(Data extracted from a collection)

· · · ·

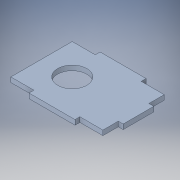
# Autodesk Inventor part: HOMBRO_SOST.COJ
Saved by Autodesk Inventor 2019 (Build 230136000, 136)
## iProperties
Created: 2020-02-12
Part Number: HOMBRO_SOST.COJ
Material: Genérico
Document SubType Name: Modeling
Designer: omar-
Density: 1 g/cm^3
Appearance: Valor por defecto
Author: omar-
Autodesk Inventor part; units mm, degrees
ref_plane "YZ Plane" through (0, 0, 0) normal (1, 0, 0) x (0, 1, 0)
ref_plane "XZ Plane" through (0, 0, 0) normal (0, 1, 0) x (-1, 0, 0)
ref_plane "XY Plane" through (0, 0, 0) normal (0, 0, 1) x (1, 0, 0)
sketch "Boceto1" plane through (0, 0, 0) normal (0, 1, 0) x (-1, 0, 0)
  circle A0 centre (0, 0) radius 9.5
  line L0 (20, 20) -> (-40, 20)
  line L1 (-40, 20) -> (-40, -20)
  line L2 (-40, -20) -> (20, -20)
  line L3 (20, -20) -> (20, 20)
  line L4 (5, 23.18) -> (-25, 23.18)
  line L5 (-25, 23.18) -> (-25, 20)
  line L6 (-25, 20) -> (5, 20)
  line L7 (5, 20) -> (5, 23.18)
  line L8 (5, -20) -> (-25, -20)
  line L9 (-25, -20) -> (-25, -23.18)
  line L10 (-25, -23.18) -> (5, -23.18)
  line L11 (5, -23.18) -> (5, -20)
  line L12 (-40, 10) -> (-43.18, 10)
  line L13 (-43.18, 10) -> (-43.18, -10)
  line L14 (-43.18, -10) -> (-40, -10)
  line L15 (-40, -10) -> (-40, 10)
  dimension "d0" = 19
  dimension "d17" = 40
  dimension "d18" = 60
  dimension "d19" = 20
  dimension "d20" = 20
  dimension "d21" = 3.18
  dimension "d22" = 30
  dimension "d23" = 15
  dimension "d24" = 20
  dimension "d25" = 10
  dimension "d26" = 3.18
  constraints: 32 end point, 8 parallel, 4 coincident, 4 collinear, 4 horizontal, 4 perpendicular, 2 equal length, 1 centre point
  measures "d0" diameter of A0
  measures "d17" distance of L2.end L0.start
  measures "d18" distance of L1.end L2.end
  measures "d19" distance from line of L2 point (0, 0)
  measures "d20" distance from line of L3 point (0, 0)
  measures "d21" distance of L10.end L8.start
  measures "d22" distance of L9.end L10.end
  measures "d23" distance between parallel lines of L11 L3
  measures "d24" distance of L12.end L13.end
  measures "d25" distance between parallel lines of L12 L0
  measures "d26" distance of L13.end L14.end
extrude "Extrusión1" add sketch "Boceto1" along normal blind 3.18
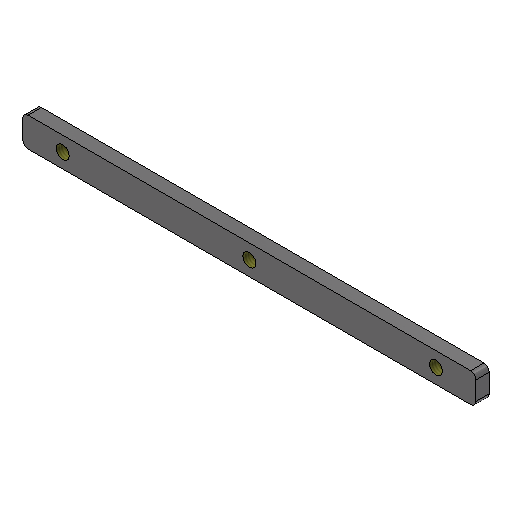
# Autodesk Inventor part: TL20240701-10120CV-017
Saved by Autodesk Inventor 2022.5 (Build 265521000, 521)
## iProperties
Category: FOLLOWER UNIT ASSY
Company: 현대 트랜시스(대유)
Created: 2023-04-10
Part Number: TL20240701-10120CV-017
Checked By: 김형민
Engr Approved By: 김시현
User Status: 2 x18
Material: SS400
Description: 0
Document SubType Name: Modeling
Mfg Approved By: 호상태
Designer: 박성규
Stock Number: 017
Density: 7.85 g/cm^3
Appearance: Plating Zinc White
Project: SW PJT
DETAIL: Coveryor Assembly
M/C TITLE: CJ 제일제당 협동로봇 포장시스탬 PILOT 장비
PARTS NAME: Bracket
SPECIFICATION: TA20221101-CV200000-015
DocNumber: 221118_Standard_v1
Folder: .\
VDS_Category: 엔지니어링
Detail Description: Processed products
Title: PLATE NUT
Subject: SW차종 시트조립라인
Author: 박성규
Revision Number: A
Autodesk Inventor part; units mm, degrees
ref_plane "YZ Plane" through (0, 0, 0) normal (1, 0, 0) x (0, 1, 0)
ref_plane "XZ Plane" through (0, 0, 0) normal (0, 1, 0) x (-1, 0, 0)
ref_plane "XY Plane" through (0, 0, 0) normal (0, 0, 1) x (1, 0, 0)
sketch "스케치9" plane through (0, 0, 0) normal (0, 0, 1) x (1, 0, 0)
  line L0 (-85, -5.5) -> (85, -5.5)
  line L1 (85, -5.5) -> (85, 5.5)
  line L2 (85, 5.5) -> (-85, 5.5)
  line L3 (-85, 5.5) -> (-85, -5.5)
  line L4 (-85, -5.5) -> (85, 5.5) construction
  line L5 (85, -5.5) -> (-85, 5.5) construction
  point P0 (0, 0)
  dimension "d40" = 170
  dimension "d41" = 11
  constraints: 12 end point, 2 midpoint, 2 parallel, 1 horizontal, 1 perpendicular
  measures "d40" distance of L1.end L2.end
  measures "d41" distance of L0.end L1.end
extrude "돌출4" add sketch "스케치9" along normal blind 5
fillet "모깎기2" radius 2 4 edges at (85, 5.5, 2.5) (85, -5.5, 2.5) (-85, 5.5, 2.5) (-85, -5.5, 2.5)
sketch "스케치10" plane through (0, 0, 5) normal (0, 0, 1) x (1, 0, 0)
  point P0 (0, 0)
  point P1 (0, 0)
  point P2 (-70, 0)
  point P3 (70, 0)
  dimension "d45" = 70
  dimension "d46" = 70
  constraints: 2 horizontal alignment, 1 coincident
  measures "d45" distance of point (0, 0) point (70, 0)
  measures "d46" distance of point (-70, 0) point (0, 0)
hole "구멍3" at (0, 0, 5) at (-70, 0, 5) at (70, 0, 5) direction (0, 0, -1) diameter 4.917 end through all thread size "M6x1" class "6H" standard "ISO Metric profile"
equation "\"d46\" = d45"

· · · ·

Activity — With the pictures set aside, repeat every entry above exactly.

The answer —
# Autodesk Inventor part: HOMBRO_SOST.COJ
Saved by Autodesk Inventor 2019 (Build 230136000, 136)
## iProperties
Created: 2020-02-12
Part Number: HOMBRO_SOST.COJ
Material: Genérico
Document SubType Name: Modeling
Designer: omar-
Density: 1 g/cm^3
Appearance: Valor por defecto
Author: omar-
Autodesk Inventor part; units mm, degrees
ref_plane "YZ Plane" through (0, 0, 0) normal (1, 0, 0) x (0, 1, 0)
ref_plane "XZ Plane" through (0, 0, 0) normal (0, 1, 0) x (-1, 0, 0)
ref_plane "XY Plane" through (0, 0, 0) normal (0, 0, 1) x (1, 0, 0)
sketch "Boceto1" plane through (0, 0, 0) normal (0, 1, 0) x (-1, 0, 0)
  circle A0 centre (0, 0) radius 9.5
  line L0 (20, 20) -> (-40, 20)
  line L1 (-40, 20) -> (-40, -20)
  line L2 (-40, -20) -> (20, -20)
  line L3 (20, -20) -> (20, 20)
  line L4 (5, 23.18) -> (-25, 23.18)
  line L5 (-25, 23.18) -> (-25, 20)
  line L6 (-25, 20) -> (5, 20)
  line L7 (5, 20) -> (5, 23.18)
  line L8 (5, -20) -> (-25, -20)
  line L9 (-25, -20) -> (-25, -23.18)
  line L10 (-25, -23.18) -> (5, -23.18)
  line L11 (5, -23.18) -> (5, -20)
  line L12 (-40, 10) -> (-43.18, 10)
  line L13 (-43.18, 10) -> (-43.18, -10)
  line L14 (-43.18, -10) -> (-40, -10)
  line L15 (-40, -10) -> (-40, 10)
  dimension "d0" = 19
  dimension "d17" = 40
  dimension "d18" = 60
  dimension "d19" = 20
  dimension "d20" = 20
  dimension "d21" = 3.18
  dimension "d22" = 30
  dimension "d23" = 15
  dimension "d24" = 20
  dimension "d25" = 10
  dimension "d26" = 3.18
  constraints: 32 end point, 8 parallel, 4 coincident, 4 collinear, 4 horizontal, 4 perpendicular, 2 equal length, 1 centre point
  measures "d0" diameter of A0
  measures "d17" distance of L2.end L0.start
  measures "d18" distance of L1.end L2.end
  measures "d19" distance from line of L2 point (0, 0)
  measures "d20" distance from line of L3 point (0, 0)
  measures "d21" distance of L10.end L8.start
  measures "d22" distance of L9.end L10.end
  measures "d23" distance between parallel lines of L11 L3
  measures "d24" distance of L12.end L13.end
  measures "d25" distance between parallel lines of L12 L0
  measures "d26" distance of L13.end L14.end
extrude "Extrusión1" add sketch "Boceto1" along normal blind 3.18
# Autodesk Inventor part: TL20240701-10120CV-017
Saved by Autodesk Inventor 2022.5 (Build 265521000, 521)
## iProperties
Category: FOLLOWER UNIT ASSY
Company: 현대 트랜시스(대유)
Created: 2023-04-10
Part Number: TL20240701-10120CV-017
Checked By: 김형민
Engr Approved By: 김시현
User Status: 2 x18
Material: SS400
Description: 0
Document SubType Name: Modeling
Mfg Approved By: 호상태
Designer: 박성규
Stock Number: 017
Density: 7.85 g/cm^3
Appearance: Plating Zinc White
Project: SW PJT
DETAIL: Coveryor Assembly
M/C TITLE: CJ 제일제당 협동로봇 포장시스탬 PILOT 장비
PARTS NAME: Bracket
SPECIFICATION: TA20221101-CV200000-015
DocNumber: 221118_Standard_v1
Folder: .\
VDS_Category: 엔지니어링
Detail Description: Processed products
Title: PLATE NUT
Subject: SW차종 시트조립라인
Author: 박성규
Revision Number: A
Autodesk Inventor part; units mm, degrees
ref_plane "YZ Plane" through (0, 0, 0) normal (1, 0, 0) x (0, 1, 0)
ref_plane "XZ Plane" through (0, 0, 0) normal (0, 1, 0) x (-1, 0, 0)
ref_plane "XY Plane" through (0, 0, 0) normal (0, 0, 1) x (1, 0, 0)
sketch "스케치9" plane through (0, 0, 0) normal (0, 0, 1) x (1, 0, 0)
  line L0 (-85, -5.5) -> (85, -5.5)
  line L1 (85, -5.5) -> (85, 5.5)
  line L2 (85, 5.5) -> (-85, 5.5)
  line L3 (-85, 5.5) -> (-85, -5.5)
  line L4 (-85, -5.5) -> (85, 5.5) construction
  line L5 (85, -5.5) -> (-85, 5.5) construction
  point P0 (0, 0)
  dimension "d40" = 170
  dimension "d41" = 11
  constraints: 12 end point, 2 midpoint, 2 parallel, 1 horizontal, 1 perpendicular
  measures "d40" distance of L1.end L2.end
  measures "d41" distance of L0.end L1.end
extrude "돌출4" add sketch "스케치9" along normal blind 5
fillet "모깎기2" radius 2 4 edges at (85, 5.5, 2.5) (85, -5.5, 2.5) (-85, 5.5, 2.5) (-85, -5.5, 2.5)
sketch "스케치10" plane through (0, 0, 5) normal (0, 0, 1) x (1, 0, 0)
  point P0 (0, 0)
  point P1 (0, 0)
  point P2 (-70, 0)
  point P3 (70, 0)
  dimension "d45" = 70
  dimension "d46" = 70
  constraints: 2 horizontal alignment, 1 coincident
  measures "d45" distance of point (0, 0) point (70, 0)
  measures "d46" distance of point (-70, 0) point (0, 0)
hole "구멍3" at (0, 0, 5) at (-70, 0, 5) at (70, 0, 5) direction (0, 0, -1) diameter 4.917 end through all thread size "M6x1" class "6H" standard "ISO Metric profile"
equation "\"d46\" = d45"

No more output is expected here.